Sagitário

Para quem está pensando em ter um filho: evite amar sem proteção em março. Poderá nascer mais um sagitariano.

Seu filho, independente do sexo, lhe fará perguntas difíceis de serem respondidas. Vai querer subir em árvores, tropeçará sozinho num campo de futebol vazio; mas será saudavelmente rústico, viverá com os joelhos esfolados e na maioria das vezes nem se lembrará do que causou o machucado. Esquecerá as coisas, especialmente as ruins, mas esquecerá também todas as outras (mesmo as mais importantes); aprenderá sim com os erros, os seus e os dos outros, mas ainda assim errará muito. E questionará os pais tanto para desafiá-los quanto para se impor – impor-se para si mesmo, pois detestará admitir que tem um imenso respeito (e um certo temor) pela autoridade e pela hierarquia.

Esse ser humano terá registrada em suas células a figura do centauro, ainda que faça questão de não crer em astrologia ou em nada que não possa ser visto ou tocado, ao mesmo tempo em que tem a fé como mola mestra... E a figura do centauro, metade humana metade animal, se manifestará sempre que sua ingenuidade inata se sinta ameaçada: sua mania de dizer apenas a verdade (ainda que seja uma verdade em que só ele acredita) o fará também crer que todas as pessoas são exatamente assim. E se decepcionará, pois tem a certeza de que está absolutamente certo. Talvez a única pessoa certa no Universo.

Sua humildade natural será acompanhada de um orgulho tão grande que, travestido de indiferença, o fará crer que é apenas um espectador da vida, e que tudo o orbita com alegria. Cansará de ouvir as pessoas dizerem que tem sorte; e, acreditando piamente nisso, será otimista até o limite da irresponsabilidade.

Será escavo da liberdade que quer para si; será tachado, nem sempre injustamente, de egoísta, pois uma estrada aberta à frente o hipnotizará, chamando-o como um canto de sereia e fazendo-o esquecer-se de todo o resto. E, escravizado por ela, não compreenderá que a liberdade está dentro dele, e não é necessariamente tolhida pelo seu pior fantasma: o dos vínculos permanentes.
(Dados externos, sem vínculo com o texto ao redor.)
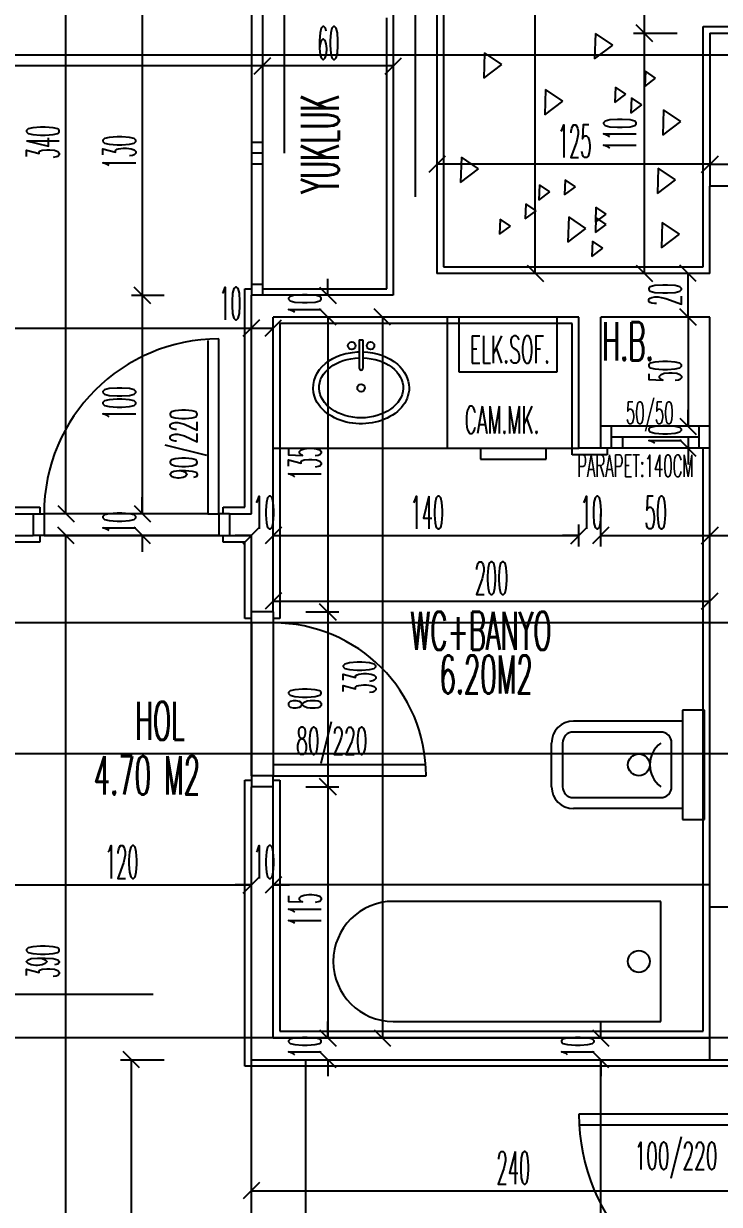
# Model space of a CAD drawing. Extents: x 78 to 306, y -397 to 18.
# Drawn here: x 271.9423 to 272.006, y -396.5928 to -396.4847 of the extents above; entities that cross this region are included whole.
import ezdxf

# ---------------------------------------------------------------- set-up
doc = ezdxf.new("R2010")
doc.units = 0
doc.header["$LTSCALE"] = 0.5
doc.header["$MEASUREMENT"] = 0
for name, pattern in [('DASHDOT2', [0.5, 0.25, -0.125, 0, -0.125]), ('DASHED', [0.75, 0.5, -0.25]), ('DOT2', [0.125, 0, -0.125])]:
    doc.linetypes.add(name, pattern=pattern)
doc.layers.get('0').update_dxf_attribs({"linetype": 'CONTINUOUS'})
for name, color, linetype in [('AKS', 5, 'DASHDOT2'), ('DUVAR', 6, 'CONTINUOUS'), ('IZDUSUM', 2, 'DOT2'), ('KAPI', 1, 'CONTINUOUS'), ('KOLON', 4, 'CONTINUOUS'), ('MERDIVEN', 3, 'CONTINUOUS'), ('OLCU', 31, 'CONTINUOUS'), ('SIVA', 7, 'CONTINUOUS'), ('TARAMA', 8, 'CONTINUOUS'), ('TEFRIS', 11, 'CONTINUOUS'), ('YESIL', 73, 'CONTINUOUS')]:
    doc.layers.add(name, color=color, linetype=linetype)
doc.styles.add('ICMEKAN', font='romans.shx', dxfattribs={"width": 0.55, "height": 0.2})
doc.styles.add('OLCU', font='romans.shx', dxfattribs={"width": 0.6, "height": 0.125})
doc.styles.add('OLCUIC', font='ROMANS.SHX', dxfattribs={"width": 0.4, "height": 0.15})

msp = doc.modelspace()

# ---------------------------------------------------------------- linework, layer by layer
at = {"color": 0, "linetype": 'ByBlock'}
for p, q in [((271.998393941935, -396.4848098737721), (271.999893941935, -396.4863098737721)), ((271.999893941935, -396.4863098737721), (271.998393941935, -396.4848098737721)), ((271.963393941935, -396.4893098737721), (271.964893941935, -396.4878098737721)), ((271.964893941935, -396.4878098737721), (271.963393941935, -396.4893098737721)), ((271.975393941935, -396.4893098737721), (271.976893941935, -396.4878098737721)), ((271.980893941935, -396.4968098737721), (271.979393941935, -396.4983098737721)), ((272.004393941935, -396.4983098737721), (272.005893941935, -396.4968098737721)), ((272.005893941935, -396.4968098737721), (272.004393941935, -396.4983098737721)), ((271.988393941935, -396.5068098737721), (271.989893941935, -396.5083098737721)), ((271.998393941935, -396.5068098737721), (271.999893941935, -396.5083098737721)), ((272.003893941935, -396.5083098737721), (272.002393941935, -396.5068098737721)), ((271.953893941935, -396.5103098737721), (271.952393941935, -396.5088098737721)), ((271.952393941935, -396.5088098737721), (271.953893941935, -396.5103098737721)), ((271.969393941935, -396.5088098737721), (271.970893941935, -396.5103098737721)), ((271.963893941935, -396.5118098737721), (271.962393941935, -396.5133098737721)), ((271.962393941935, -396.5133098737721), (271.963893941935, -396.5118098737721)), ((271.964393941935, -396.5133098737721), (271.965893941935, -396.5118098737721)), ((271.970893941935, -396.5123098737721), (271.969393941935, -396.5108098737721)), ((271.970893941935, -396.5123098737721), (271.969393941935, -396.5108098737721)), ((271.975893941935, -396.5123098737721), (271.974393941935, -396.5108098737721)), ((272.002393941935, -396.5108098737721), (272.003893941935, -396.5123098737721)), ((272.003893941935, -396.5123098737766), (272.002393941935, -396.5108098737767)), ((272.002393941935, -396.5208098737721), (272.003893941935, -396.5223098737721)), ((272.002393941935, -396.5208098737721), (272.003893941935, -396.5223098737721)), ((272.003893941935, -396.5243098737721), (272.002393941935, -396.5228098737721)), ((271.945393941935, -396.5288098737721), (271.946893941935, -396.5303098737721)), ((271.952393941935, -396.5288098737721), (271.953893941935, -396.5303098737721)), ((271.952393941935, -396.5288098737721), (271.953893941935, -396.5303098737721)), ((271.946893941935, -396.5323098737721), (271.945393941935, -396.5308098737721)), ((271.953893941935, -396.5323098737721), (271.952393941935, -396.5308098737721)), ((271.962393941935, -396.5323098737721), (271.963893941935, -396.5308098737721)), ((271.965893941935, -396.5308098737721), (271.964393941935, -396.5323098737721)), ((271.965893941935, -396.5308098737721), (271.964393941935, -396.5323098737721)), ((271.992393941935, -396.5323098737721), (271.993893941935, -396.5308098737721)), ((271.992393941935, -396.5323098737721), (271.993893941935, -396.5308098737721)), ((271.995893941935, -396.5308098737721), (271.994393941935, -396.5323098737721)), ((271.995893941935, -396.5308098737721), (271.994393941935, -396.5323098737721)), ((272.005893941935, -396.5308098737721), (272.004393941935, -396.5323098737721)), ((272.004393941935, -396.5323098737721), (272.005893941935, -396.5308098737721)), ((271.965893941935, -396.5368098737721), (271.964393941935, -396.5383098737721)), ((272.004393941935, -396.5383098737721), (272.005893941935, -396.5368098737721)), ((271.970893941935, -396.5393098737721), (271.969393941935, -396.5378098737721)), ((271.969393941935, -396.5378098737721), (271.970893941935, -396.5393098737721)), ((271.970893941935, -396.5553098737721), (271.969393941935, -396.5538098737721)), ((271.969393941935, -396.5538098737721), (271.970893941935, -396.5553098737721)), ((271.962393941935, -396.5643098737721), (271.963893941935, -396.5628098737721)), ((271.962393941935, -396.5643098737721), (271.963893941935, -396.5628098737721)), ((271.965893941935, -396.5628098737721), (271.964393941935, -396.5643098737721)), ((271.969393941935, -396.5768098737721), (271.970893941935, -396.5783098737721)), ((271.969393941935, -396.5768098737721), (271.970893941935, -396.5783098737721)), ((271.974393941935, -396.5768098737721), (271.975893941935, -396.5783098737721)), ((271.994393941935, -396.5768098737721), (271.995893941935, -396.5783098737721)), ((271.952893941935, -396.5803098737721), (271.951393941935, -396.5788098737721)), ((271.970893941935, -396.5803098737721), (271.969393941935, -396.5788098737721)), ((271.995893941935, -396.5803098737721), (271.994393941935, -396.5788098737721)), ((271.995893941935, -396.5803098737721), (271.994393941935, -396.5788098737721)), ((271.963893941935, -396.5908098737721), (271.962393941935, -396.5923098737721))]:
    msp.add_line(p, q, dxfattribs=at)
at = {"layer": 'AKS'}
for p, q in [((271.9661439419351, -396.3715598737721), (271.9661439419351, -396.8395598737721)), ((271.9781439419351, -396.3755598737721), (271.9781439419351, -396.8355598737721)), ((272.0571439419351, -396.4875598737721), (271.7651439419351, -396.4875598737721)), ((272.0571439419351, -396.5395598737721), (271.7611439419359, -396.5395598737721)), ((272.0571439419351, -396.5515598737721), (271.7651439419351, -396.5515598737721)), ((272.0571439419351, -396.5775598737721), (271.7611439419359, -396.5775598737721))]:
    msp.add_line(p, q, dxfattribs=at)
at = {"layer": 'DUVAR'}
for p, q in [((271.9761439419288, -396.4835598737721), (271.976143941929, -396.5095598737758)), ((271.9801439419288, -396.4835598737721), (271.980143941929, -396.5075598737721)), ((272.0051439419335, -396.5075598737721), (272.0051439419332, -396.4995598737721)), ((272.0051439419334, -396.5075598737721), (271.980143941929, -396.5075598737721)), ((271.9631439419355, -396.5295598737721), (271.9631439419355, -396.5095598737759)), ((271.976143941929, -396.5095598737758), (271.9631439419355, -396.5095598737759)), ((271.9651439419356, -396.5385598737756), (271.9651439419356, -396.5115598737764)), ((271.9931439419335, -396.5115598737766), (271.9651439419356, -396.5115598737764)), ((271.993143941934, -396.5235598737777), (271.9931439419335, -396.5115598737771)), ((271.995143941934, -396.5235598737688), (271.9951439419335, -396.511559873777)), ((272.0051439419336, -396.5115598737767), (271.9951439419335, -396.5115598737766)), ((272.0051439419353, -396.5655598737721), (272.0051439419336, -396.5115598737767)), ((271.995143941934, -396.5235598737688), (271.993143941934, -396.5235598737688)), ((271.8811439419357, -396.5295598737758), (271.9431439419356, -396.529559873776)), ((271.9431439419356, -396.5295598737758), (271.9431439419356, -396.531559873776)), ((271.9611439419355, -396.5295598737758), (271.9611439419355, -396.531559873776)), ((271.9611439419353, -396.5295598737721), (271.9631439419353, -396.5295598737721)), ((271.9391439419355, -396.5315598737759), (271.9431439419356, -396.531559873776)), ((271.9611439419353, -396.5315598737721), (271.9631439419353, -396.5315598737721)), ((271.9631439419355, -396.5385598737756), (271.9631439419355, -396.5315598737721)), ((271.9651439419387, -396.5385598737757), (271.9631439419385, -396.5385598737756)), ((271.9631439419355, -396.5795598737758), (271.9631439419355, -396.5545598737757)), ((271.9651439419383, -396.5545598737757), (271.9631439419382, -396.5545598737757)), ((271.9651439419356, -396.5775598737757), (271.9651439419356, -396.5545598737757)), ((271.9651439419356, -396.5775598737757), (272.0051439419352, -396.5775598737757)), ((271.9631439419355, -396.5795598737758), (272.0051439419353, -396.5795598737753))]:
    msp.add_line(p, q, dxfattribs=at)
at = {"layer": 'IZDUSUM', "ltscale": 0.6}
for p, q in [((271.9811141335827, -396.5235598737721), (271.9811141335827, -396.5115598737721)), ((271.9631439419356, -396.609559873776), (271.9631439419352, -396.5795598737758)), ((271.9681439419356, -396.609559873776), (271.9681439419352, -396.5795598737757))]:
    msp.add_line(p, q, dxfattribs=at)
at = {"layer": 'KAPI'}
for p, q in [((271.9631439419329, -396.4835598737813), (271.9631439419355, -396.5095598737758)), ((271.9641439419329, -396.4835598737813), (271.9641439419355, -396.5095598737757)), ((271.9641439419391, -396.4955598737749), (271.9631439419391, -396.4955598737749)), ((271.9641439419391, -396.4965598737749), (271.9631439419391, -396.4965598737749)), ((271.9641439419391, -396.4975598737749), (271.9631439419391, -396.4975598737749)), ((271.9641439419391, -396.5085598737749), (271.9631439419391, -396.5085598737749)), ((271.9591439419353, -396.5136907995548), (271.9591439419353, -396.5295598737758)), ((271.9601439419354, -396.5295598737758), (271.9601439419354, -396.5135598737755)), ((272.0051439419366, -396.5215598737687), (271.9951439419339, -396.5215598737688)), ((272.0051439419366, -396.5235598737687), (271.9951439419339, -396.5235598737688)), ((271.9431439419356, -396.5295598737758), (271.9441439419354, -396.5295598737758)), ((271.9441439419354, -396.5295598737758), (271.9441439419354, -396.531559873776)), ((271.9591439419353, -396.5295598737758), (271.9601439419354, -396.5295598737758)), ((271.9601439419354, -396.5295598737758), (271.9601439419354, -396.531559873776)), ((271.9611439419355, -396.5295598737758), (271.9601439419354, -396.5295598737758)), ((271.9441439419354, -396.531559873776), (271.9431439419356, -396.531559873776)), ((271.9601439419354, -396.531559873776), (271.9611439419355, -396.531559873776)), ((271.9631439419385, -396.5395598737757), (271.9631439419385, -396.5385598737759)), ((271.9651439419387, -396.538559873776), (271.9651439419387, -396.5395598737757)), ((271.9651439419387, -396.5395598737757), (271.9631439419385, -396.5395598737757)), ((271.9791081819821, -396.5525598737762), (271.9651439419384, -396.5525598737756)), ((271.9651439419384, -396.5525598737756), (271.9651439419384, -396.5535598737757)), ((271.9651439419384, -396.5535598737757), (271.9631439419383, -396.5535598737756)), ((271.9631439419383, -396.5535598737756), (271.9631439419382, -396.5545598737757)), ((271.9651439419384, -396.5535598737757), (271.9791439419383, -396.553559873776)), ((271.9651439419383, -396.5545598737757), (271.9651439419384, -396.5535598737757)), ((272.0111439419355, -396.5845598737754), (271.9931439419351, -396.5845598737752)), ((272.0111439419355, -396.5855598737755), (271.9931717411794, -396.5855598737749))]:
    msp.add_line(p, q, dxfattribs=at)
at = {"layer": 'KAPI', "ltscale": 1.4}
for p, q in [((271.996143941935, -396.5235598737721), (271.996143941935, -396.5215598737721)), ((272.004143941935, -396.5215598737721), (272.004143941935, -396.5235598737721)), ((272.004143941935, -396.5225598737721), (271.996143941935, -396.5225598737721)), ((271.997143941935, -396.5225598737721), (271.997143941935, -396.5235598737721)), ((272.003143941935, -396.5225598737721), (272.003143941935, -396.5235598737721)), ((271.9591439419353, -396.5295598737758), (271.9441439419354, -396.5295598737762)), ((271.9441439419354, -396.531559873776), (271.9601439419354, -396.531559873776)), ((271.9631439419385, -396.5395598737757), (271.9631439419383, -396.5535598737756)), ((271.9651439419387, -396.5395598737757), (271.9651439419381, -396.5525598737756))]:
    msp.add_line(p, q, dxfattribs=at)
at = {"layer": 'KAPI', "linetype": 'DASHED', "ltscale": 0.4}
msp.add_line((271.854143941935, -396.5735598737721), (272.273143941935, -396.5735598737723), dxfattribs=at)
at = {"layer": 'KAPI'}
for centre, radius, start, end in [((271.9601439419354, -396.5295598737762), 0.01600000000064028, 90, 179.9999999991858), ((271.9651439419384, -396.5535598737757), 0.01399999999994179, 359.9999999988601, 89.99999999886009), ((272.011143941935, -396.5845598737752), 0.01799999999988273, 180, 270.0000000016285)]:
    msp.add_arc(centre, radius, start, end, dxfattribs=at)
at = {"layer": 'KOLON'}
for p, q in [((272.0051439419351, -396.4855598737813), (272.0101439419351, -396.4855598737813)), ((272.0051439419351, -396.4855598737813), (272.0051439419351, -396.4995598737813)), ((272.0101439419351, -396.4995598737813), (272.0051439419351, -396.4995598737813)), ((272.0051439419351, -396.5795598737813), (272.0051439419351, -396.5655598737813)), ((272.0051439419351, -396.5655598737813), (272.0101439419351, -396.5655598737813)), ((272.0051439419351, -396.5795598737813), (272.0161439419351, -396.5795598737813))]:
    msp.add_line(p, q, dxfattribs=at)
at = {"layer": 'OLCU', "ltscale": 1.4}
for p, q in [((271.989143941935, -396.5075598737721), (271.989143941935, -396.4575598737721)), ((271.999143941935, -396.4855598737721), (271.999143941935, -396.4575598737721)), ((271.946143941935, -396.5295598737721), (271.946143941935, -396.4615598737721)), ((271.953143941935, -396.4835598737721), (271.953143941935, -396.5095598737721)), ((271.998143941935, -396.4855598737721), (272.002143941935, -396.4855598737721)), ((271.999143941935, -396.5075598737721), (271.999143941935, -396.4855598737721)), ((271.964143941935, -396.4885598737721), (271.877143941935, -396.4885598737721)), ((271.976143941935, -396.4885598737721), (271.964143941935, -396.4885598737721)), ((272.005143941935, -396.4975598737721), (271.980143941935, -396.4975598737721)), ((272.005143941935, -396.4975598737721), (272.010143941935, -396.4975598737721)), ((271.970143941935, -396.5095598737721), (271.970143941935, -396.5080598737721)), ((272.003143941935, -396.5115598737721), (272.003143941935, -396.5075598737721)), ((271.952143941935, -396.5095598737721), (271.955143941935, -396.5095598737721)), ((271.953143941935, -396.5095598737721), (271.953143941935, -396.5295598737721)), ((271.970143941935, -396.5115598737721), (271.970143941935, -396.5385598737721)), ((271.970143941935, -396.5115598737721), (271.970143941935, -396.5130598737721)), ((271.975143941935, -396.5115598737721), (271.975143941935, -396.5775598737721)), ((272.003143941935, -396.5115598737767), (272.003143941935, -396.5215598737721)), ((271.881143941935, -396.5125598737721), (271.963143941935, -396.5125598737721)), ((271.963143941935, -396.5125598737721), (271.965143941935, -396.5125598737721)), ((272.003143941935, -396.5215598737721), (272.003143941935, -396.5200598737721)), ((272.003143941935, -396.5235598737721), (272.003143941935, -396.5250598737721)), ((271.953143941935, -396.5295598737721), (271.953143941935, -396.5280598737721)), ((271.995143941935, -396.5325598737721), (271.995143941935, -396.5295598737721)), ((271.993143941935, -396.5325598737721), (271.993143941935, -396.5305598737721)), ((271.946143941935, -396.6095598737721), (271.946143941935, -396.5315598737721)), ((271.953143941935, -396.5315598737721), (271.953143941935, -396.5330598737721)), ((271.963143941935, -396.5315598737721), (271.961643941935, -396.5315598737721)), ((271.965143941935, -396.5315598737721), (271.993143941935, -396.5315598737721)), ((271.965143941935, -396.5315598737721), (271.966643941935, -396.5315598737721)), ((271.993143941935, -396.5315598737721), (271.991643941935, -396.5315598737721)), ((271.995143941935, -396.5315598737721), (272.005143941935, -396.5315598737721)), ((271.995143941935, -396.5315598737721), (271.996643941935, -396.5315598737721)), ((272.005143941935, -396.5315598737721), (272.009143941935, -396.5315598737721)), ((271.965143941935, -396.5375598737721), (272.005143941935, -396.5375598737721)), ((271.968143941935, -396.5385598737721), (271.971143941935, -396.5385598737721)), ((271.970143941935, -396.5385598737721), (271.970143941935, -396.5545598737721)), ((271.968143941935, -396.5545598737721), (271.971143941935, -396.5545598737721)), ((271.970143941935, -396.5545598737721), (271.970143941935, -396.5775598737721)), ((271.939143941935, -396.5635598737721), (271.963143941935, -396.5635598737721)), ((271.963143941935, -396.5635598737721), (271.961643941935, -396.5635598737721)), ((271.965143941935, -396.5635598737721), (271.966643941935, -396.5635598737721)), ((271.970143941935, -396.5775598737721), (271.970143941935, -396.5760598737721)), ((271.995143941935, -396.5775598737721), (271.995143941935, -396.5760598737721)), ((271.951143941935, -396.5795598737721), (271.955143941935, -396.5795598737721)), ((271.952143941935, -396.6095598737721), (271.952143941935, -396.5795598737721)), ((271.970143941935, -396.5795598737721), (271.970143941935, -396.5810598737721)), ((271.995143941935, -396.5795598737721), (271.995143941935, -396.5810598737721)), ((271.995143941935, -396.6515598737721), (271.995143941935, -396.5795598737721)), ((271.963143941935, -396.5925598737721), (271.963143941935, -396.5895598737721)), ((271.963143941935, -396.5915598737721), (272.011143941935, -396.5915598737721))]:
    msp.add_line(p, q, dxfattribs=at)
at = {"layer": 'SIVA', "ltscale": 1.4}
for p, q in [((271.9807439419351, -396.4835598737813), (271.9807439419291, -396.5069598737721)), ((271.975543941929, -396.5089598737758), (271.9755439419288, -396.4841598737813)), ((272.0045439419332, -396.4995598737721), (272.0045439419352, -396.4849598737813)), ((272.0045439419352, -396.4849598737813), (272.0101439419351, -396.4849598737813)), ((272.0045439419334, -396.5069598737721), (272.0045439419332, -396.4995598737721)), ((271.9807439419291, -396.5069598737721), (272.0045439419334, -396.5069598737721)), ((271.9625439419355, -396.5289598737721), (271.9625439419355, -396.508959873776)), ((271.9625439419355, -396.508959873776), (271.9631439419354, -396.5089598737759)), ((271.9641439419354, -396.5089598737759), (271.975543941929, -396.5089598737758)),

Permanente, eterno, para sempre, nunca: palavras que ele evitará usar, ainda que possa lançar mão delas eventualmente, num de seus rompantes teatrais. Brasa coberta, alma inquieta, a dualidade vai permear sua vida de forma contínua: terá uma inabalável auto estima baseada em não levar-se a sério. Buscará uma novidade por dia, cansando-se dela no minuto seguinte; amará o improviso mas sentirá falta de rotina, fará planos mirabolantes mas não terá um caminho estruturado para executá-los, terá inúmeros objetivos mas nenhuma idéia prática de como alcançá-los. Será confiável mas não pontual, apaixonado mas não dócil, cheio de energia mas sem foco. Sem disciplina. Sem método. Cem mil flechas atiradas a esmo, desperdiçadas pelo seu arco nem sempre certeiro.

Para os que vêem nos signos algum significado, concebam apenas a partir de abril. Um capricorniano talvez seja uma aposta mais significativa.

E para os que crêem que todo este palavreado é insignificante, por favor me avisem. Não posso mudar de signo mas posso rever meus desígnios.